:: Task to complete ::
Should a line in the entries below contain "linetype", return that line.
(Given entries begins)
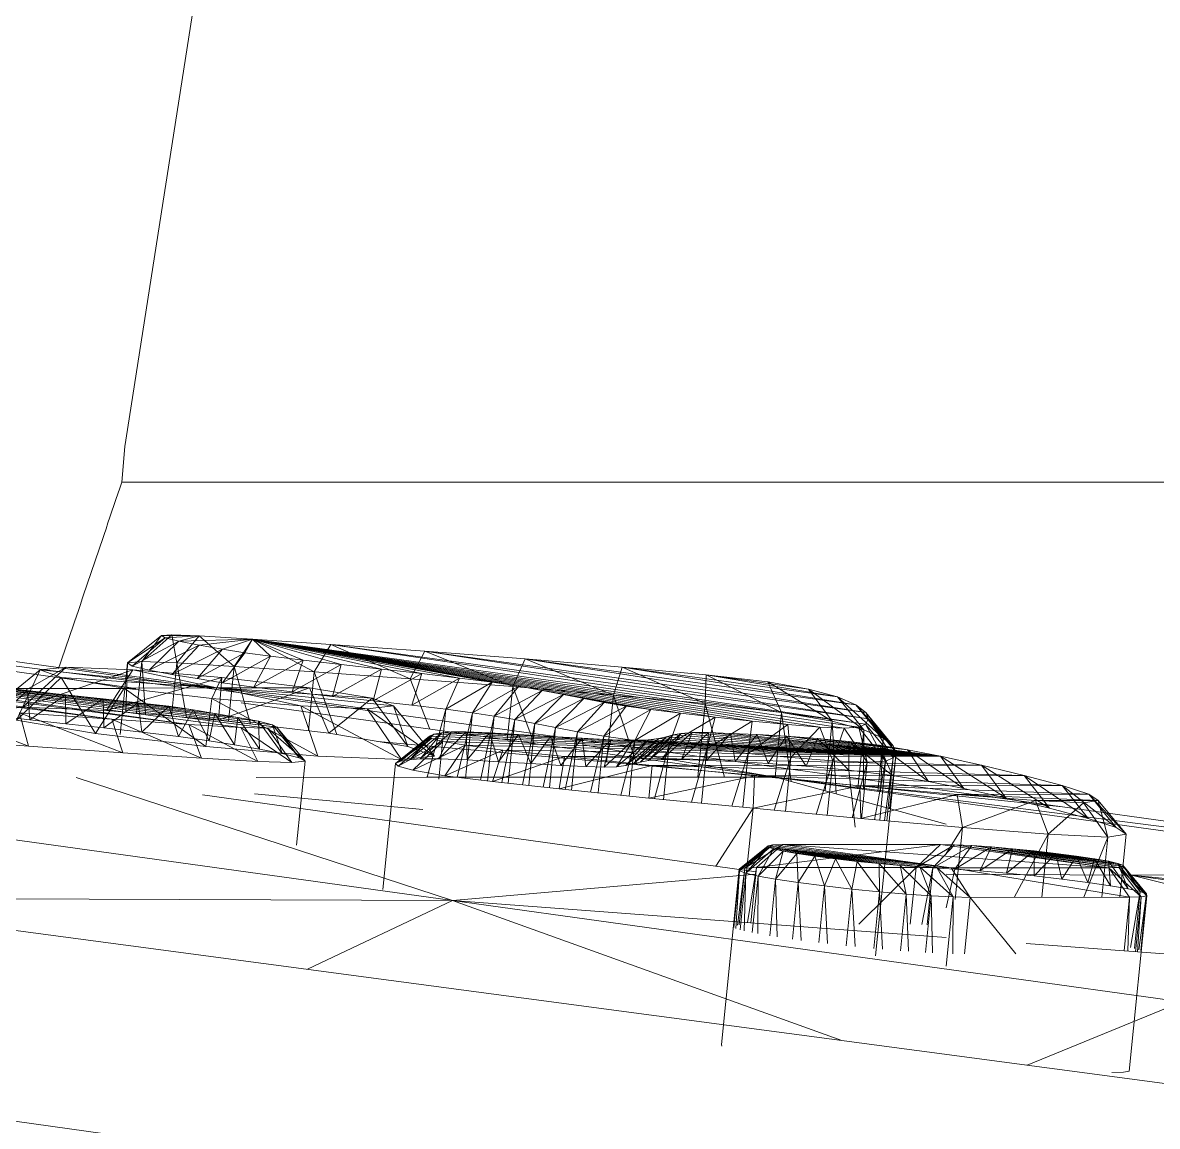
# Model space of a CAD drawing. Extents: x 4834 to 83801, y -13735 to 32221.
# Drawn here: x 13863.559 to 13864.574, y -12474.642 to -12473.654 of the extents above; entities that cross this region are included whole.
import ezdxf

# ---------------------------------------------------------------- set-up
doc = ezdxf.new("R2010")
doc.units = 0
doc.header["$LTSCALE"] = 8
doc.header["$MEASUREMENT"] = 0
doc.layers.add('ELEVATION', color=7, linetype='Continuous', lineweight=25, true_color=0xdda54b)
doc.layers.add('G-IMPT', color=8, linetype='Continuous', lineweight=9)
doc.layers.add('I-FURN', color=30, linetype='Continuous', lineweight=9)

# ---------------------------------------------------------------- blocks, each defined once
blk = doc.blocks.new('Captain_Kirk_simplified_chair_2_22296 - Captain_Kirk_simplified_chair_2_22296-V41-Section 1')
at = {"layer": 'I-FURN'}
for p, q in [((1113.3238, 22.5043), (1113.3212, 22.4723)), ((1113.3212, 22.4723), (1117.5617, 22.4723))]:
    blk.add_line(p, q, dxfattribs=at)
at = {"layer": 'I-FURN', "flags": 128}
blk.add_lwpolyline([(1114.3011, 28.1662), (1113.7674, 25.3419), (1113.3238, 22.5043)], dxfattribs=at)
at = {"layer": 'I-FURN'}
blk.add_ellipse((1085.5474, 34.8897), major_axis=(0, 34.3317), ratio=0.867729, start_param=4.337094, end_param=4.342312, dxfattribs=at)
blk = doc.blocks.new('Captain_Kirk_simplified_chair_2_22296 - Captain_Kirk_simplified_chair_2_22296-V42-Section 1')
at = {"layer": 'G-IMPT'}
for p, q in [((1113.5907, 22.2611), (1113.0183, 22.3406)), ((1113.3568, 22.335), (1113.3262, 22.3107)), ((1113.3262, 22.3107), (1113.3601, 22.3329)), ((1113.3601, 22.3329), (1113.3306, 22.3078)), ((1113.3659, 22.3358), (1113.3392, 22.3118)), ((1113.3392, 22.3118), (1113.3568, 22.335)), ((1113.3659, 22.3358), (1113.3568, 22.335)), ((1113.3905, 22.3349), (1113.3568, 22.335)), ((1113.3568, 22.335), (1113.3601, 22.3329)), ((1113.3905, 22.3349), (1113.3601, 22.3329)), ((1113.3601, 22.3329), (1113.3724, 22.33)), ((1113.3905, 22.3349), (1113.3659, 22.3358)), ((1113.3705, 22.3106), (1113.3659, 22.3358)), ((1113.3905, 22.3349), (1113.3705, 22.3106)), ((1113.3905, 22.3349), (1113.3724, 22.33)), ((1113.4381, 22.3319), (1113.3905, 22.3349)), ((1113.4218, 22.3075), (1113.3905, 22.3349)), ((1113.3812, 22.2555), (1112.8324, 22.3268)), ((1113.3123, 22.2601), (1112.8324, 22.3268)), ((1113.385, 22.2687), (1112.8336, 22.3317)), ((1113.4046, 22.2654), (1112.8336, 22.3317)), ((1113.4252, 22.2618), (1112.8336, 22.3317)), ((1113.4435, 22.2583), (1112.8336, 22.3317)), ((1113.4562, 22.2552), (1112.8336, 22.3317)), ((1113.46, 22.2529), (1112.8336, 22.3317)), ((1113.4517, 22.252), (1112.8336, 22.3317)), ((1113.4278, 22.2527), (1112.8336, 22.3317)), ((1113.3812, 22.2555), (1112.8336, 22.3317)), ((1113.3306, 22.3078), (1113.3724, 22.33)), ((1113.3724, 22.33), (1113.3456, 22.3042)), ((1113.3456, 22.3042), (1113.3905, 22.3265)), ((1113.3905, 22.3265), (1113.3661, 22.3003)), ((1113.3661, 22.3003), (1113.4112, 22.3229)), ((1113.4381, 22.3319), (1113.3724, 22.33)), ((1113.3724, 22.33), (1113.3905, 22.3265)), ((1113.4112, 22.3229), (1113.3886, 22.2965)), ((1113.4381, 22.3319), (1113.3905, 22.3265)), ((1113.3905, 22.3265), (1113.4112, 22.3229)), ((1113.4381, 22.3319), (1113.4112, 22.3229)), ((1113.4313, 22.3197), (1113.4112, 22.3229)), ((1113.4381, 22.3319), (1113.4218, 22.3075)), ((1113.4313, 22.3197), (1113.4381, 22.3319)), ((1113.5083, 22.3271), (1113.4381, 22.3319)), ((1113.4542, 22.3165), (1113.4381, 22.3319)), ((1113.4837, 22.3129), (1113.4381, 22.3319)), ((1113.5177, 22.309), (1113.4381, 22.3319)), ((1113.5538, 22.305), (1113.4381, 22.3319)), ((1113.5899, 22.301), (1113.4381, 22.3319)), ((1113.6235, 22.297), (1113.4381, 22.3319)), ((1113.6526, 22.2932), (1113.4381, 22.3319)), ((1113.6766, 22.2896), (1113.4381, 22.3319)), ((1113.7946, 22.2688), (1113.4381, 22.3319)), ((1113.8212, 22.2656), (1113.4381, 22.3319)), ((1113.8524, 22.262), (1113.4381, 22.3319)), ((1113.8854, 22.2585), (1113.4381, 22.3319)), ((1113.9175, 22.2554), (1113.4381, 22.3319)), ((1113.9459, 22.2531), (1113.4381, 22.3319)), ((1113.9679, 22.2522), (1113.4381, 22.3319)), ((1113.9809, 22.253), (1113.4381, 22.3319)), ((1113.987, 22.2558), (1113.4381, 22.3319)), ((1113.4935, 22.3026), (1113.4381, 22.3319)), ((1113.5083, 22.3271), (1113.4935, 22.3026)), ((1113.5926, 22.321), (1113.5083, 22.3271)), ((1113.987, 22.2558), (1113.5083, 22.3271)), ((1113.9896, 22.2604), (1113.5083, 22.3271)), ((1113.5793, 22.2964), (1113.5083, 22.3271)), ((1113.3123, 22.2601), (1112.8362, 22.3207)), ((1113.3743, 22.2888), (1113.1696, 22.315)), ((1113.4313, 22.3197), (1113.3886, 22.2965)), ((1113.4313, 22.3197), (1113.4114, 22.2928)), ((1113.4114, 22.2928), (1113.4542, 22.3165)), ((1113.4313, 22.3197), (1113.4542, 22.3165)), ((1113.4542, 22.3165), (1113.4395, 22.2888)), ((1113.4395, 22.2888), (1113.4837, 22.3129)), ((1113.4542, 22.3165), (1113.4837, 22.3129)), ((1113.4837, 22.3129), (1113.4738, 22.2847)), ((1113.4837, 22.3129), (1113.5177, 22.309)), ((1113.5926, 22.321), (1113.5793, 22.2964)), ((1113.6824, 22.3141), (1113.5926, 22.321)), ((1113.9896, 22.2604), (1113.5926, 22.321)), ((1113.9871, 22.2663), (1113.5926, 22.321)), ((1113.6711, 22.2893), (1113.5926, 22.321)), ((1113.6824, 22.3141), (1113.6711, 22.2893)), ((1113.7691, 22.3069), (1113.6824, 22.3141)), ((1113.9871, 22.2663), (1113.6824, 22.3141)), ((1113.9783, 22.2731), (1113.6824, 22.3141)), ((1113.7612, 22.2818), (1113.6824, 22.3141)), ((1113.3338, 22.2878), (1113.1682, 22.3108)), ((1113.2714, 22.3069), (1113.2032, 22.2679)), ((1113.248, 22.3044), (1113.2032, 22.2679)), ((1113.248, 22.3044), (1113.227, 22.2592)), ((1113.2714, 22.3069), (1113.2326, 22.271)), ((1113.331, 22.3044), (1113.2326, 22.271)), ((1113.2714, 22.3069), (1113.248, 22.3044)), ((1113.4062, 22.2882), (1113.248, 22.3044)), ((1113.248, 22.3044), (1113.2669, 22.2975)), ((1113.331, 22.3044), (1113.2714, 22.3069)), ((1113.4062, 22.2882), (1113.2714, 22.3069)), ((1113.331, 22.3044), (1113.3075, 22.2679)), ((1113.3262, 22.3107), (1113.3197, 22.2464)), ((1113.3262, 22.3107), (1113.3249, 22.2664)), ((1113.3392, 22.3118), (1113.3262, 22.3107)), ((1113.3262, 22.3107), (1113.3306, 22.3078)), ((1113.3306, 22.3078), (1113.3456, 22.3042)), ((1113.4107, 22.2976), (1113.331, 22.3044)), ((1113.4062, 22.2882), (1113.331, 22.3044)), ((1113.3392, 22.3118), (1113.3345, 22.2656)), ((1113.3705, 22.3106), (1113.3392, 22.3118)), ((1113.3392, 22.3118), (1113.3425, 22.2649)), ((1113.3456, 22.3042), (1113.3661, 22.3003)), ((1113.3705, 22.3106), (1113.3656, 22.2629)), ((1113.4218, 22.3075), (1113.3705, 22.3106)), ((1113.3705, 22.3106), (1113.3791, 22.2618)), ((1113.4218, 22.3075), (1113.4168, 22.2582)), ((1113.4935, 22.3026), (1113.4218, 22.3075)), ((1113.4218, 22.3075), (1113.4365, 22.2559)), ((1113.4738, 22.2847), (1113.5177, 22.309)), ((1113.4935, 22.3026), (1113.4882, 22.2497)), ((1113.5793, 22.2964), (1113.4935, 22.3026)), ((1113.4935, 22.3026), (1113.5137, 22.2464)), ((1113.5177, 22.309), (1113.5099, 22.2806)), ((1113.5099, 22.2806), (1113.5538, 22.305)), ((1113.5177, 22.309), (1113.5538, 22.305)), ((1113.5538, 22.305), (1113.5463, 22.2765)), ((1113.5538, 22.305), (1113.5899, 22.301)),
(Given entries ends)
:: Your solution ::
doc.layers.add('ELEVATION', color=7, linetype='Continuous', lineweight=25, true_color=0xdda54b)
doc.layers.add('G-IMPT', color=8, linetype='Continuous', lineweight=9)
doc.layers.add('I-FURN', color=30, linetype='Continuous', lineweight=9)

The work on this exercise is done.